The good, the bad and the plain ugly

A prolific ransomware gang vows to dial back its campaigns and spare healthcare organizations altogether during the COVID-19 crisi. It’s no cause for celebration

by Tony Ascombe

 When ransomware attacks a healthcare establishment, it can have a devastating effect. This was witnessed in 2017, when WannaCryptor.D (aka WannaCry) hit multiple sites across the United Kingdom’s National Health Service, limiting their ability to provide services and causing nearly 20,000 appointments to be cancelled.

The COVID-19 pandemic is stretching the resources of health services to their maximum, across the globe. This includes not only the courageous frontline healthcare professionals but all the support teams that create the environment for them to work in, such as IT security teams. Those teams may be pleased, and amazed, to hear that one of their adversaries – the team behind Maze ransomware – has decided to stop activities that target medical organizations, at least until the current situation is stabilized.

A “press release” dated March 18 states that the Maze team is also willing to offer exclusive discounts to their partners due to economic conditions. I think their use of the word “partner” actually refers to victims, which is like arsonists calling the owners of the building they torched their “partners”.

The group has been responsible for a number of recent attacks including against both the City of Pensacola and manufacturing company Southwire. In both instances the victims refused to pay and the Maze operators released data that had been stolen.

Maze Team is also attributed with publishing medical data from a number of healthcare organizations that refused to pay, the largest organization being New Jersey’s Medical Diagnostics Laboratories (MD Lab). About 9.5 GB of MD Lab’s data was published by the Maze operators in an attempt to force negotiations for payment.

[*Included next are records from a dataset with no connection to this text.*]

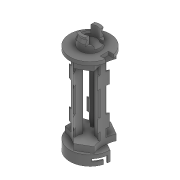
# Autodesk Inventor part: Sujección_Baterias
Saved by Autodesk Inventor 2022.3 (Build 263350000, 350)
## iProperties
Created: 2023-07-18
Part Number: Sujección_Baterias
Material: Genérico
Document SubType Name: Modeling
Designer: Usuario
Density: 1 g/cm^3
Appearance: Valor por defecto
Author: Usuario
Autodesk Inventor part; units mm, degrees
ref_plane "YZ Plane" through (0, 0, 0) normal (1, 0, 0) x (0, 1, 0)
ref_plane "XZ Plane" through (0, 0, 0) normal (0, 1, 0) x (-1, 0, 0)
ref_plane "XY Plane" through (0, 0, 0) normal (0, 0, 1) x (1, 0, 0)
sketch "Boceto1" plane through (0, 0, 0) normal (0, 1, 0) x (-1, 0, 0)
  circle A0 centre (0, 0) radius 10.5
  circle A1 centre (0, 0) radius 7.25
  dimension "d0" = 21
  dimension "d1" = 14.5
  constraints: 2 centre point, 2 coincident
  measures "d0" diameter of A0
  measures "d1" diameter of A1
extrude "Extrusión1" add sketch "Boceto1" along normal blind 14
sketch "Boceto2" plane through (0, 14, 0) normal (0, 1, 0) x (1, 0, 0)
  line L0 (0, 0) -> (-4.6, 0)
  line L1 (-4.6, 0) -> (-4.6, -9.4387)
  circle A0 centre (0, 0) radius 10.5 projected
  line L2 (-4.6, 0) -> (-4.6, 9.4387)
  line L3 (0, 0) -> (4.6, 0)
  line L4 (4.6, 0) -> (4.6, -9.4387)
  line L5 (4.6, 0) -> (4.6, 9.4387)
  circle A1 centre (0, 0) radius 10.5
  dimension "d4" = 4.6
  dimension "d5" = 4.6
  constraints: 12 end point, 4 point on circle, 3 point on line, 2 perpendicular, 1 centre point, 1 coincident, 1 horizontal
  measures "d4" distance of L0.start L0.end
  measures "d5" distance of L3.start L3.end
extrude "Extrusión2" cut sketch "Boceto2" against normal blind 8 contours L1 A0 L2 | L5 A0 L4
sketch "Boceto3" plane through (0, 6, 0) normal (0, 1, 0) x (1, 0, 0)
  arc A0 (4.6, -9.4387) -> (4.6, 9.4387) centre (0, 0) ccw projected
  line L0 (10.5, 0) -> (7.25, 0)
  circle A1 centre (0, 0) radius 7.25 projected
  line L1 (8.875, 0) -> (8.875, -5)
  line L2 (8.875, -5) -> (5.25, -5)
  line L3 (8.875, 0) -> (8.875, 5)
  line L4 (8.875, 5) -> (5.25, 5)
  line L5 (8.875, -5) -> (9.2331, -5)
  line L6 (8.875, 5) -> (9.2331, 5)
  arc A2 (4.6, -5.6038) -> (4.6, 5.6038) centre (0, 0) ccw projected
  dimension "d8" = 5
  dimension "d9" = 5
  constraints: 14 end point, 6 point on circle, 3 perpendicular, 2 vertical, 1 horizontal, 1 midpoint, 1 parallel
  measures "d8" distance of L1.start L1.end
  measures "d9" distance of L1.start L3.end
extrude "Extrusión3" cut sketch "Boceto3" against normal blind 3 contours L5 L1 L0 A0 | L0 L3 L6 A0 | L2 A1 L0 L1 | L0 A1 L4 L3
sketch "Boceto4" plane through (0, 0, 0) normal (1, 0, 0) x (0, 1, 0)
  line L0 (14, 9.4387) -> (14, 10.5) projected
  line L1 (14, 5.6038) -> (6, 5.6038) projected
  line L2 (7.5, 8.75) -> (14, 8.75)
  line L3 (14, 12.25) -> (7.5, 12.25)
  line L4 (7.5, 12.25) -> (7.5, 8.75)
  line L5 (7.5, 10.5) -> (10.75, 8.75)
  line L6 (10.75, 8.75) -> (14, 10.5)
  line L7 (14, 10.5) -> (14, 12.25)
  line L8 (14, 10.5) -> (14, 8.75)
  line L9 (14, 8.75) -> (7.5, 8.75)
  line L10 (7.5, 8.75) -> (7.5, 10.5)
  point P0 (0, 0)
  constraints: 18 end point, 3 perpendicular, 2 midpoint, 1 parallel
sketch3d "Boceto 3D1"
  arc A0 (-10.5, 0, 0) -> (0, 0, 10.5) centre (0, 0, 0) ccw
  arc A1 (0, 0, 10.5) -> (10.5, 0, 0) centre (0, 0, 0) ccw
  arc A2 (10.5, 0, 0) -> (0, 0, -10.5) centre (0, 0, 0) ccw
  arc A3 (0, 0, -10.5) -> (-10.5, 0, 0) centre (0, 0, 0) ccw
sweep "Barrido1" cut profiles "Boceto4" path "Boceto 3D1" contours L6 L5 L4 L3 L7
sketch "Boceto6" plane through (0, 3, 0) normal (0, 1, 0) x (1, 0, 0)
  circle A0 centre (0, 0) radius 7.25
  constraints: 1 centre point, 1 coincident
extrude "Extrusión4" add sketch "Boceto6" against normal blind 3
sketch "Boceto5" plane through (0, 0, 0) normal (0, -1, 0) x (1, 0, 0)
  circle A0 centre (0, 0) radius 21
  dimension "d16" = 42
  constraints: 1 centre point, 1 coincident
  measures "d16" diameter of A0
extrude "Extrusión5" add sketch "Boceto5" along normal blind 3.7
sketch "Boceto7" plane through (0, -3.7, 0) normal (0, -1, 0) x (1, 0, 0)
  circle A0 centre (0, 0) radius 21 projected
  line L0 (-21, 0) -> (15, 0)
  line L1 (15, 0) -> (15, 4.375)
  line L2 (15, 4.375) -> (20.5392, 4.375)
  line L3 (15, 0) -> (15, -4.375)
  line L4 (15, -4.375) -> (20.5392, -4.375)
  circle A1 centre (0, 0) radius 21 projected
  dimension "d19" = 36
  dimension "d20" = 4.375
  dimension "d21" = 4.375
  constraints: 10 end point, 3 point on circle, 1 horizontal, 1 perpendicular, 1 point on line, 1 vertical
  measures "d19" distance of L0.start L0.end
  measures "d20" distance of L0.end L1.end
  measures "d21" distance of L0.end L3.end
extrude "Extrusión6" cut sketch "Boceto7" against normal through all contours A0 L4 L3 L1 L2
sketch "Boceto8" plane through (0, -3.7, 0) normal (0, -1, 0) x (1, 0, 0)
  arc A0 (4.6, 9.4387) -> (-4.6, 9.4387) centre (0, 0) ccw projected
  arc A1 (20.5392, 4.375) -> (20.5392, -4.375) centre (0, 0) ccw projected
  line L0 (-21, 0) -> (10.5, 18.1865)
  line L1 (10.5, 18.1865) -> (10.5, -18.1865)
  line L2 (10.5, -18.1865) -> (-21, 0)
  line L3 (10.5, 18.1865) -> (0, 0)
  line L4 (0, 0) -> (10.5, -18.1865)
  line L5 (0, 0) -> (-21, 0)
  line L6 (10.5, 18.1865) -> (6, 10.3923)
  line L7 (10.5, -18.1865) -> (6, -10.3923)
  line L8 (-21, 0) -> (-12, 0)
  circle A2 centre (-12, 0) radius 9
  circle A3 centre (6, -10.3923) radius 9
  circle A4 centre (6, 10.3923) radius 9
  line L9 (0, 0) -> (-22.5, 38.9711)
  circle A5 centre (-22.5, 38.9711) radius 31.3609
  line L10 (0, 0) -> (-22.5, -38.9711)
  line L11 (0, 0) -> (45, 0)
  circle A6 centre (-22.5, -38.9711) radius 31.3609
  circle A7 centre (45, 0) radius 31.3609
  line L12 (10.5, 18.1865) -> (9, 15.5885)
  line L13 (9, 15.5885) -> (2.1283, 19.5559)
  line L14 (9, 15.5885) -> (15.8717, 11.6211)
  line L15 (-21, 0) -> (-18, 0)
  line L16 (-18, 0) -> (-18, 7.9348)
  line L17 (-18, 0) -> (-18, -7.9348)
  line L18 (10.5, -18.1865) -> (9, -15.5885)
  line L19 (9, -15.5885) -> (15.8717, -11.6211)
  line L20 (9, -15.5885) -> (2.1283, -19.5559)
  dimension "d24" = 9
  dimension "d25" = 9
  dimension "d26" = 45
  dimension "d27" = 45
  dimension "d28" = 45
  dimension "d29" = 3
  dimension "d30" = 3
  dimension "d31" = 3
  constraints: 42 end point, 8 point on line, 7 coincident, 7 point on circle, 3 centre point, 3 perpendicular, 2 horizontal, 1 horizontal alignment, 18 other
  measures "d24" distance of L0.end L6.end
  measures "d25" distance of L0.start L8.end
  measures "d26" distance of L3.end L9.end
  measures "d27" distance of L3.end L10.end
  measures "d28" distance of L3.end L11.end
  measures "d29" distance of L0.end L12.end
  measures "d30" distance of L0.start L15.end
  measures "d31" distance of L1.end L18.end
extrude "Extrusión7" add sketch "Boceto8" along normal blind 6.3 contours A7 A4 L14 | L13 L3 A4 L0 | L0 A4 L13 | L14 A4 L1 | L1 A4 L3 L14 | A4 A5 L13 | A7 L11 L1 A4 | A4 L3 L9 L0 | L0 L9 A5 A4 | L1 L11 L3 A4 | L19 A3 A7 | A7 A3 L1 L11 | L9 L0 A2 A5 | L9 L5 A2 L0 | L1 A3 L4 L11 | L19 L4 A3 L1 | L1 A3 L19 | L20 A3 L2 | L2 A3 L4 L20 | L20 A6 A3 | A5 A2 L16 | A2 L0 L16 | A2 L5 L16 L0 | L10 L2 A2 L5 | L4 A3 L2 L10 | A3 A6 L10 L2 | L17 L5 A2 L2 | L2 A2 L17 | A2 A6 L17 | L10 A6 A2 L2 picked at (0.5579, 12.9993) picked at (10.9788, 6.9828) picked at (10.9788, -6.9828) picked at (0.5579, -12.9993) picked at (-11.5367, 6.0165) picked at (-11.5367, -6.0165)
sketch "Boceto9" plane through (0, -10, 0) normal (0, -1, 0) x (1, 0, 0)
  arc A0 (4.6, 9.4387) -> (-4.6, 9.4387) centre (0, 0) ccw
  arc A1 (20.5392, 4.375) -> (20.5392, -4.375) centre (0, 0) ccw
  line L0 (-21, 0) -> (10.5, 18.1865)
  line L1 (10.5, 18.1865) -> (10.5, -18.1865)
  line L2 (10.5, -18.1865) -> (-21, 0)
  line L3 (10.5, 18.1865) -> (0, 0)
  line L4 (0, 0) -> (10.5, -18.1865)
  line L5 (0, 0) -> (-21, 0)
  line L6 (10.5, 18.1865) -> (6, 10.3923)
  line L7 (10.5, -18.1865) -> (6, -10.3923)
  line L8 (-21, 0) -> (-12, 0)
  circle A2 centre (-12, 0) radius 9
  circle A3 centre (6, -10.3923) radius 9
  circle A4 centre (6, 10.3923) radius 9
  line L9 (0, 0) -> (-22.5, 38.9711)
  circle A5 centre (-22.5, 38.9711) radius 31.3609
  line L10 (0, 0) -> (-22.5, -38.9711)
  line L11 (0, 0) -> (45, 0)
  circle A6 centre (-22.5, -38.9711) radius 31.3609
  circle A7 centre (45, 0) radius 31.3609
  line L12 (10.5, 18.1865) -> (9, 15.5885)
  line L13 (9, 15.5885) -> (2.1283, 19.5559)
  line L14 (9, 15.5885) -> (15.8717, 11.6211)
  line L15 (-21, 0) -> (-18, 0)
  line L16 (-18, 0) -> (-18, 7.9348)
  line L17 (-18, 0) -> (-18, -7.9348)
  line L18 (10.5, -18.1865) -> (9, -15.5885)
  line L19 (9, -15.5885) -> (15.8717, -11.6211)
  line L20 (9, -15.5885) -> (2.1283, -19.5559)
  line L21 (6, 10.3923) -> (-12, 0)
  line L22 (-12, 0) -> (6, -10.3923)
  line L23 (6, -10.3923) -> (6, 10.3923)
  point P0 (-1.7942, -5.8923)
  point P1 (-4.2058, -4.5)
  point P2 (-14.3414, -8.6901)
  point P3 (-0.3552, -16.765)
  point P4 (-0.3552, 16.765)
  point P5 (-14.3414, 8.6901)
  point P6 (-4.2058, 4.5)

According to an article on CyberScoop, the FBI issued a flash alert in December 2019 about the dangers of Maze ransomware. The alert details how the threat actors behind Maze use several different methods to breach a network, including fake cryptocurrency sites and malspam campaigns to impersonate government agencies and security vendors.

These are cybercriminals with a history of disruption and destruction; isn’t it thoughtful of them, though, in this time of crisis to stop attacking medical organizations? I must invite them over for tea to say thank you.

Apologies; that is my British sarcasm getting the better of me!

Any attack on a healthcare institution at any time has the potential to be responsible for a degradation in patient care, the consequences of which could be fatal. Offering discounts and the willingness to stop attacks in the current situation should not distract from the fact these are cybercriminals who have a reputation and history of attacking healthcare systems with complete disregard for patient care.

And they need to be caught and brought to justice!